The services of the new clinic were available to all 105,000 students from all of the school divisions in Greater Winnipeg. Similar to Ellen Douglass School, it was funded jointly by the Winnipeg School Division and the province's Department of Health and Social Services.
November 4, 1960, Winnipeg Free Press
The pairing of these two institutions in one building was first proposed in 1958 and considered a "win - win" relationship.
Prior to this, the clinic was housed in the annex of Victoria Albert School but needed a permanent home as close to the Children's Hospital as possible. As this site was adjacent to hospital land, it was able to be connected by tunnel.
For the school portion, it is unlikely that the school division would have paid for the construction of a custom building for such a small number of students. So, not only did Ellen Douglass students get a new building, they also had immediate access to the many professional services offered by the clinic staff upstairs.
Top: May 6, 1967, Winnipeg Tribune
Bottom: June 13, 1979, Winnipeg Free Press
Bottom: June 13, 1979, Winnipeg Free Press
By 1963, the clinic had 70 staff serving about 8,500 children in the school system and needed more space. In 1969, they expanded into the building's basement, but soon found themselves tight on space again.
By the late 1960s, Ellen Douglass School was also overcrowded. More disabled children were entering the school system and there was a growing movement to have them attend community schools rather than specialized institutions.
During the 1977 - 78 school year, fifteen Ellen Douglass students were transferred to a renovated portion of Lord Roberts School. The trial run was deemed a success and the following year the remaining 45 students were transferred.

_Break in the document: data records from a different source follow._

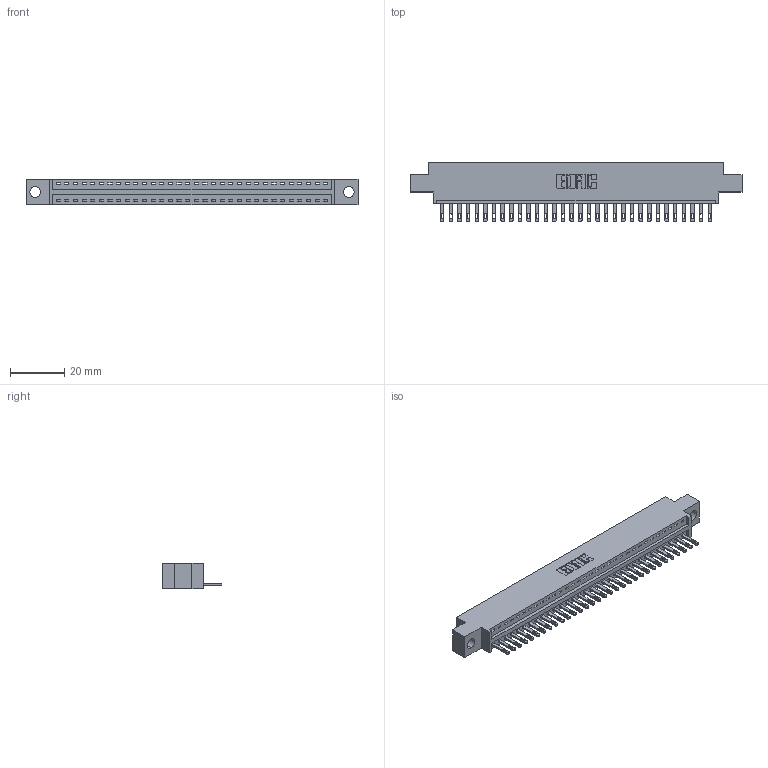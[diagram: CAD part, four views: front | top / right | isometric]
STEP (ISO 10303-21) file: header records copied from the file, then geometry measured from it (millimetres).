
FILE_DESCRIPTION (( 'STEP AP203' ), '1' );
FILE_NAME ('346-032-500-604.STEP', '2022-05-06T17:44:56', ( '' ), ( '' ), 'SwSTEP 2.0', 'SolidWorks 2020', '' );
FILE_SCHEMA (( 'CONFIG_CONTROL_DESIGN' ));
Length unit declared in the file: inch
Products named in the file (3): 346 Part_0.170 Offset - 0.156 Dia-TH; 345-292-001_345-293-100; 346-032-500-604
Assembly tree (33 placements, depth 2):
  346-032-500-604
    346 Part_0.170 Offset - 0.156 Dia-TH
    345-292-001_345-293-100  x32
Bounding box: 122.17 x 21.84 x 9.4 mm (x, y, z)
Volume: 11385.1 mm3; surface area: 14194.2 mm2
Topology: 33 solids, 33 shells, 1868 faces, 5753 edges, 3834 vertices
Faces by surface type: plane 1182, cylinder 686
Entity records: 21687 total; most frequent: CARTESIAN_POINT 3730, ORIENTED_EDGE 3694, DIRECTION 3303, EDGE_CURVE 1847, VECTOR 1583, LINE 1583, VERTEX_POINT 1230, AXIS2_PLACEMENT_3D 860
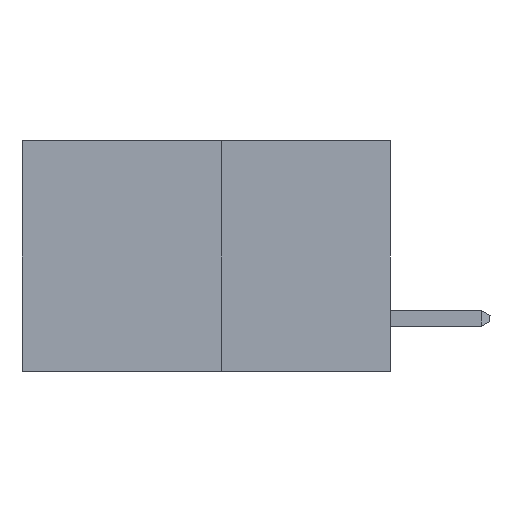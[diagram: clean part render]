
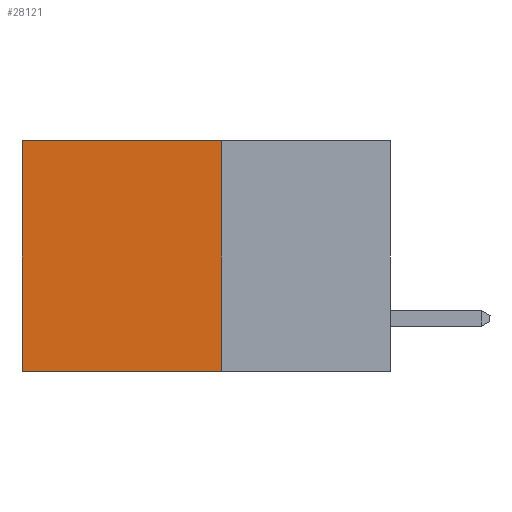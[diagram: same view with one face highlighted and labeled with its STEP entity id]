
A CAD part, left-side view. The second image highlights one B-rep face of the part: STEP entity #28121.
In plain terms, the highlighted planar face has unit normal (-1, 0, 0).
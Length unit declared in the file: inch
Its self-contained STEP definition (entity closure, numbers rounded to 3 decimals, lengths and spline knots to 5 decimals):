
#1997 = LINE ( 'NONE', #16569, #19466 ) ;
#2422 = DIRECTION ( 'NONE',  ( 0., 0., -1. ) ) ;
#3485 = CARTESIAN_POINT ( 'NONE',  ( 0.277, 0.59, 0. ) ) ;
#4413 = VERTEX_POINT ( 'NONE', #3485 ) ;
#4706 = CARTESIAN_POINT ( 'NONE',  ( 0.277, 0.27, -0.37 ) ) ;
#4904 = ORIENTED_EDGE ( 'NONE', *, *, #22801, .F. ) ;
#6611 = VERTEX_POINT ( 'NONE', #9168 ) ;
#7695 = CARTESIAN_POINT ( 'NONE',  ( 0.277, 0.27, -0.37 ) ) ;
#7754 = VERTEX_POINT ( 'NONE', #12438 ) ;
#8692 = EDGE_LOOP ( 'NONE', ( #22581, #11255, #4904, #27289 ) ) ;
#9168 = CARTESIAN_POINT ( 'NONE',  ( 0.277, 0.59, -0.37 ) ) ;
#9518 = CARTESIAN_POINT ( 'NONE',  ( 0.277, 0.59, -0.37 ) ) ;
#10011 = DIRECTION ( 'NONE',  ( 0., 1., 0. ) ) ;
#10153 = LINE ( 'NONE', #9518, #21510 ) ;
#11255 = ORIENTED_EDGE ( 'NONE', *, *, #15597, .F. ) ;
#12438 = CARTESIAN_POINT ( 'NONE',  ( 0.277, 0.27, -0.37 ) ) ;
#13337 = LINE ( 'NONE', #7695, #24687 ) ;
#14248 = DIRECTION ( 'NONE',  ( 0., 0., -1. ) ) ;
#14256 = CARTESIAN_POINT ( 'NONE',  ( 0.277, 0.27, 0. ) ) ;
#15376 = AXIS2_PLACEMENT_3D ( 'NONE', #18698, #27862, #14248 ) ;
#15597 = EDGE_CURVE ( 'NONE', #7754, #6611, #13337, .T. ) ;
#16569 = CARTESIAN_POINT ( 'NONE',  ( 0.277, 0.27, 0. ) ) ;
#17642 = VERTEX_POINT ( 'NONE', #14256 ) ;
#18698 = CARTESIAN_POINT ( 'NONE',  ( 0.277, 0.27, -0.37 ) ) ;
#18823 = DIRECTION ( 'NONE',  ( 0., 1., 0. ) ) ;
#19466 = VECTOR ( 'NONE', #18823, 39.37008 ) ;
#20769 = LINE ( 'NONE', #4706, #26132 ) ;
#20772 = EDGE_CURVE ( 'NONE', #17642, #4413, #1997, .T. ) ;
#21510 = VECTOR ( 'NONE', #25422, 39.37008 ) ;
#21965 = EDGE_CURVE ( 'NONE', #4413, #6611, #10153, .T. ) ;
#22581 = ORIENTED_EDGE ( 'NONE', *, *, #21965, .T. ) ;
#22801 = EDGE_CURVE ( 'NONE', #17642, #7754, #20769, .T. ) ;
#24246 = FACE_OUTER_BOUND ( 'NONE', #8692, .T. ) ;
#24687 = VECTOR ( 'NONE', #10011, 39.37008 ) ;
#25422 = DIRECTION ( 'NONE',  ( 0., 0., -1. ) ) ;
#25557 = PLANE ( 'NONE',  #15376 ) ;
#26132 = VECTOR ( 'NONE', #2422, 39.37008 ) ;
#27289 = ORIENTED_EDGE ( 'NONE', *, *, #20772, .T. ) ;
#27862 = DIRECTION ( 'NONE',  ( 1., 0., 0. ) ) ;
#28121 = ADVANCED_FACE ( 'NONE', ( #24246 ), #25557, .F. ) ;
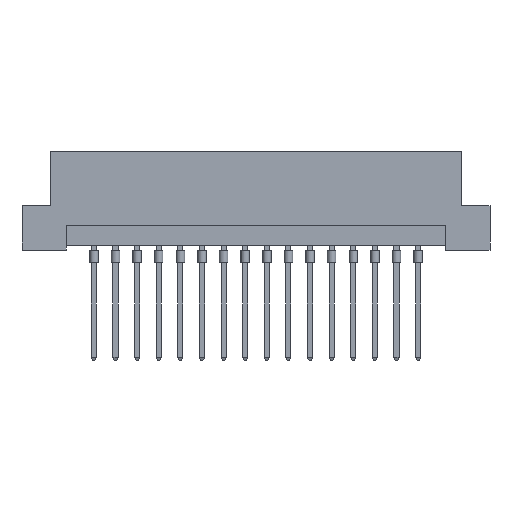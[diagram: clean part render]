
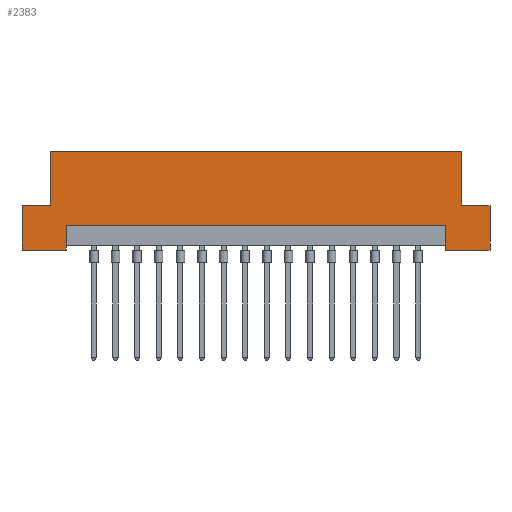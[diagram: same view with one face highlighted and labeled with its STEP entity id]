
A CAD part, front view. The second image highlights one B-rep face of the part: STEP entity #2383.
In plain terms, the highlighted planar face has unit normal (0, -1, 0).
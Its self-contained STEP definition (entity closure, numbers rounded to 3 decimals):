
#40 = VERTEX_POINT ( 'NONE', #9533 ) ;
#77 = LINE ( 'NONE', #6016, #2876 ) ;
#84 = ORIENTED_EDGE ( 'NONE', *, *, #5209, .F. ) ;
#98 = EDGE_CURVE ( 'NONE', #4126, #5750, #605, .T. ) ;
#273 = VECTOR ( 'NONE', #7831, 1000. ) ;
#295 = VERTEX_POINT ( 'NONE', #8230 ) ;
#373 = LINE ( 'NONE', #3301, #1886 ) ;
#426 = DIRECTION ( 'NONE',  ( -1., 0., 0. ) ) ;
#445 = DIRECTION ( 'NONE',  ( 1., 0., 0. ) ) ;
#512 = CARTESIAN_POINT ( 'NONE',  ( -22.3, 0., 0.5 ) ) ;
#605 = LINE ( 'NONE', #9440, #5129 ) ;
#722 = CARTESIAN_POINT ( 'NONE',  ( 22.3, 0., 2.9 ) ) ;
#765 = EDGE_CURVE ( 'NONE', #8555, #4996, #373, .T. ) ;
#920 = DIRECTION ( 'NONE',  ( 1., 0., 0. ) ) ;
#954 = VERTEX_POINT ( 'NONE', #5350 ) ;
#1018 = VECTOR ( 'NONE', #920, 1000. ) ;
#1133 = CARTESIAN_POINT ( 'NONE',  ( 27.5, 0., 5.2 ) ) ;
#1144 = LINE ( 'NONE', #4065, #9521 ) ;
#1369 = VERTEX_POINT ( 'NONE', #5794 ) ;
#1433 = FACE_OUTER_BOUND ( 'NONE', #4064, .T. ) ;
#1448 = EDGE_CURVE ( 'NONE', #5750, #954, #3768, .T. ) ;
#1767 = ORIENTED_EDGE ( 'NONE', *, *, #7782, .F. ) ;
#1812 = VECTOR ( 'NONE', #445, 1000. ) ;
#1846 = ORIENTED_EDGE ( 'NONE', *, *, #6852, .T. ) ;
#1886 = VECTOR ( 'NONE', #5040, 1000. ) ;
#1918 = VERTEX_POINT ( 'NONE', #2938 ) ;
#2330 = ORIENTED_EDGE ( 'NONE', *, *, #6693, .F. ) ;
#2383 = ADVANCED_FACE ( 'NONE', ( #1433 ), #7295, .F. ) ;
#2424 = DIRECTION ( 'NONE',  ( 0., 0., -1. ) ) ;
#2642 = VERTEX_POINT ( 'NONE', #4016 ) ;
#2649 = CARTESIAN_POINT ( 'NONE',  ( -27.5, 0., 5.2 ) ) ;
#2669 = ORIENTED_EDGE ( 'NONE', *, *, #765, .F. ) ;
#2876 = VECTOR ( 'NONE', #2424, 1000. ) ;
#2938 = CARTESIAN_POINT ( 'NONE',  ( -27.5, 0., 5.2 ) ) ;
#2971 = ORIENTED_EDGE ( 'NONE', *, *, #8049, .F. ) ;
#3188 = CARTESIAN_POINT ( 'NONE',  ( -27.5, 0., 0. ) ) ;
#3194 = VECTOR ( 'NONE', #9199, 1000. ) ;
#3301 = CARTESIAN_POINT ( 'NONE',  ( 22.3, 0., 2.9 ) ) ;
#3327 = LINE ( 'NONE', #4784, #3194 ) ;
#3570 = CARTESIAN_POINT ( 'NONE',  ( -27.5, 0., 11.6 ) ) ;
#3603 = CARTESIAN_POINT ( 'NONE',  ( -27.5, 0., 0. ) ) ;
#3720 = EDGE_CURVE ( 'NONE', #295, #4416, #1144, .T. ) ;
#3763 = DIRECTION ( 'NONE',  ( 0., 0., -1. ) ) ;
#3768 = LINE ( 'NONE', #3570, #7005 ) ;
#4016 = CARTESIAN_POINT ( 'NONE',  ( 27.5, 0., 0. ) ) ;
#4064 = EDGE_LOOP ( 'NONE', ( #2669, #1846, #6346, #1767, #84, #5435, #5966, #4790, #2971, #9349, #6459, #2330 ) ) ;
#4065 = CARTESIAN_POINT ( 'NONE',  ( -27.5, 0., 0. ) ) ;
#4126 = VERTEX_POINT ( 'NONE', #4650 ) ;
#4316 = CARTESIAN_POINT ( 'NONE',  ( -22.3, 0., 2.9 ) ) ;
#4416 = VERTEX_POINT ( 'NONE', #8081 ) ;
#4561 = LINE ( 'NONE', #4612, #1018 ) ;
#4612 = CARTESIAN_POINT ( 'NONE',  ( 27.5, 0., 5.2 ) ) ;
#4650 = CARTESIAN_POINT ( 'NONE',  ( -24.2, 0., 5.2 ) ) ;
#4743 = VECTOR ( 'NONE', #6619, 1000. ) ;
#4784 = CARTESIAN_POINT ( 'NONE',  ( 24.2, 0., 5.2 ) ) ;
#4790 = ORIENTED_EDGE ( 'NONE', *, *, #98, .F. ) ;
#4996 = VERTEX_POINT ( 'NONE', #4316 ) ;
#5040 = DIRECTION ( 'NONE',  ( -1., 0., 0. ) ) ;
#5129 = VECTOR ( 'NONE', #6583, 1000. ) ;
#5209 = EDGE_CURVE ( 'NONE', #1369, #6628, #4561, .T. ) ;
#5264 = CARTESIAN_POINT ( 'NONE',  ( 27.5, 0., 0. ) ) ;
#5350 = CARTESIAN_POINT ( 'NONE',  ( 24.2, 0., 11.6 ) ) ;
#5435 = ORIENTED_EDGE ( 'NONE', *, *, #7506, .T. ) ;
#5750 = VERTEX_POINT ( 'NONE', #9198 ) ;
#5794 = CARTESIAN_POINT ( 'NONE',  ( 24.2, 0., 5.2 ) ) ;
#5966 = ORIENTED_EDGE ( 'NONE', *, *, #1448, .F. ) ;
#6016 = CARTESIAN_POINT ( 'NONE',  ( 22.3, 0., 0.5 ) ) ;
#6286 = VECTOR ( 'NONE', #6947, 1000. ) ;
#6346 = ORIENTED_EDGE ( 'NONE', *, *, #8136, .F. ) ;
#6459 = ORIENTED_EDGE ( 'NONE', *, *, #3720, .F. ) ;
#6583 = DIRECTION ( 'NONE',  ( 0., 0., 1. ) ) ;
#6619 = DIRECTION ( 'NONE',  ( -1., 0., 0. ) ) ;
#6628 = VERTEX_POINT ( 'NONE', #1133 ) ;
#6693 = EDGE_CURVE ( 'NONE', #4996, #295, #9308, .T. ) ;
#6771 = LINE ( 'NONE', #3603, #4743 ) ;
#6852 = EDGE_CURVE ( 'NONE', #8555, #40, #77, .T. ) ;
#6947 = DIRECTION ( 'NONE',  ( 0., 0., -1. ) ) ;
#6985 = EDGE_CURVE ( 'NONE', #4416, #1918, #8569, .T. ) ;
#7005 = VECTOR ( 'NONE', #7316, 1000. ) ;
#7199 = DIRECTION ( 'NONE',  ( 0., 1., 0. ) ) ;
#7295 = PLANE ( 'NONE',  #9173 ) ;
#7316 = DIRECTION ( 'NONE',  ( 1., 0., 0. ) ) ;
#7355 = LINE ( 'NONE', #5264, #8307 ) ;
#7506 = EDGE_CURVE ( 'NONE', #1369, #954, #3327, .T. ) ;
#7782 = EDGE_CURVE ( 'NONE', #6628, #2642, #7355, .T. ) ;
#7831 = DIRECTION ( 'NONE',  ( 0., 0., 1. ) ) ;
#7908 = DIRECTION ( 'NONE',  ( 0., 0., 1. ) ) ;
#7913 = LINE ( 'NONE', #2649, #1812 ) ;
#8049 = EDGE_CURVE ( 'NONE', #1918, #4126, #7913, .T. ) ;
#8081 = CARTESIAN_POINT ( 'NONE',  ( -27.5, 0., 0. ) ) ;
#8136 = EDGE_CURVE ( 'NONE', #2642, #40, #6771, .T. ) ;
#8230 = CARTESIAN_POINT ( 'NONE',  ( -22.3, 0., 0. ) ) ;
#8307 = VECTOR ( 'NONE', #3763, 1000. ) ;
#8555 = VERTEX_POINT ( 'NONE', #722 ) ;
#8569 = LINE ( 'NONE', #3188, #273 ) ;
#9173 = AXIS2_PLACEMENT_3D ( 'NONE', #9466, #7199, #7908 ) ;
#9198 = CARTESIAN_POINT ( 'NONE',  ( -24.2, 0., 11.6 ) ) ;
#9199 = DIRECTION ( 'NONE',  ( 0., 0., 1. ) ) ;
#9308 = LINE ( 'NONE', #512, #6286 ) ;
#9349 = ORIENTED_EDGE ( 'NONE', *, *, #6985, .F. ) ;
#9440 = CARTESIAN_POINT ( 'NONE',  ( -24.2, 0., 5.2 ) ) ;
#9466 = CARTESIAN_POINT ( 'NONE',  ( -27.5, 0., 11.6 ) ) ;
#9521 = VECTOR ( 'NONE', #426, 1000. ) ;
#9533 = CARTESIAN_POINT ( 'NONE',  ( 22.3, 0., 0. ) ) ;

In September 1979, much of 700 Elgin Avenue's main floor was leased out to the International Centre primarily to provide English language classes for new immigrants.
May 6, 2015, Winnipeg Free Press
By the spring of 2015 the clinic had been renamed Clinical Support Services and was no longer located at 700 Elgin. In March of that year the school division put the building up for sale.
In January 2017 it was announced that the WRHA, who are completing the new Women's Hospital adjacent to the school, offered to purchase 700 Elgin for $1.35 million, pending approval of the health minister. They did not specify what they intended to use the land for.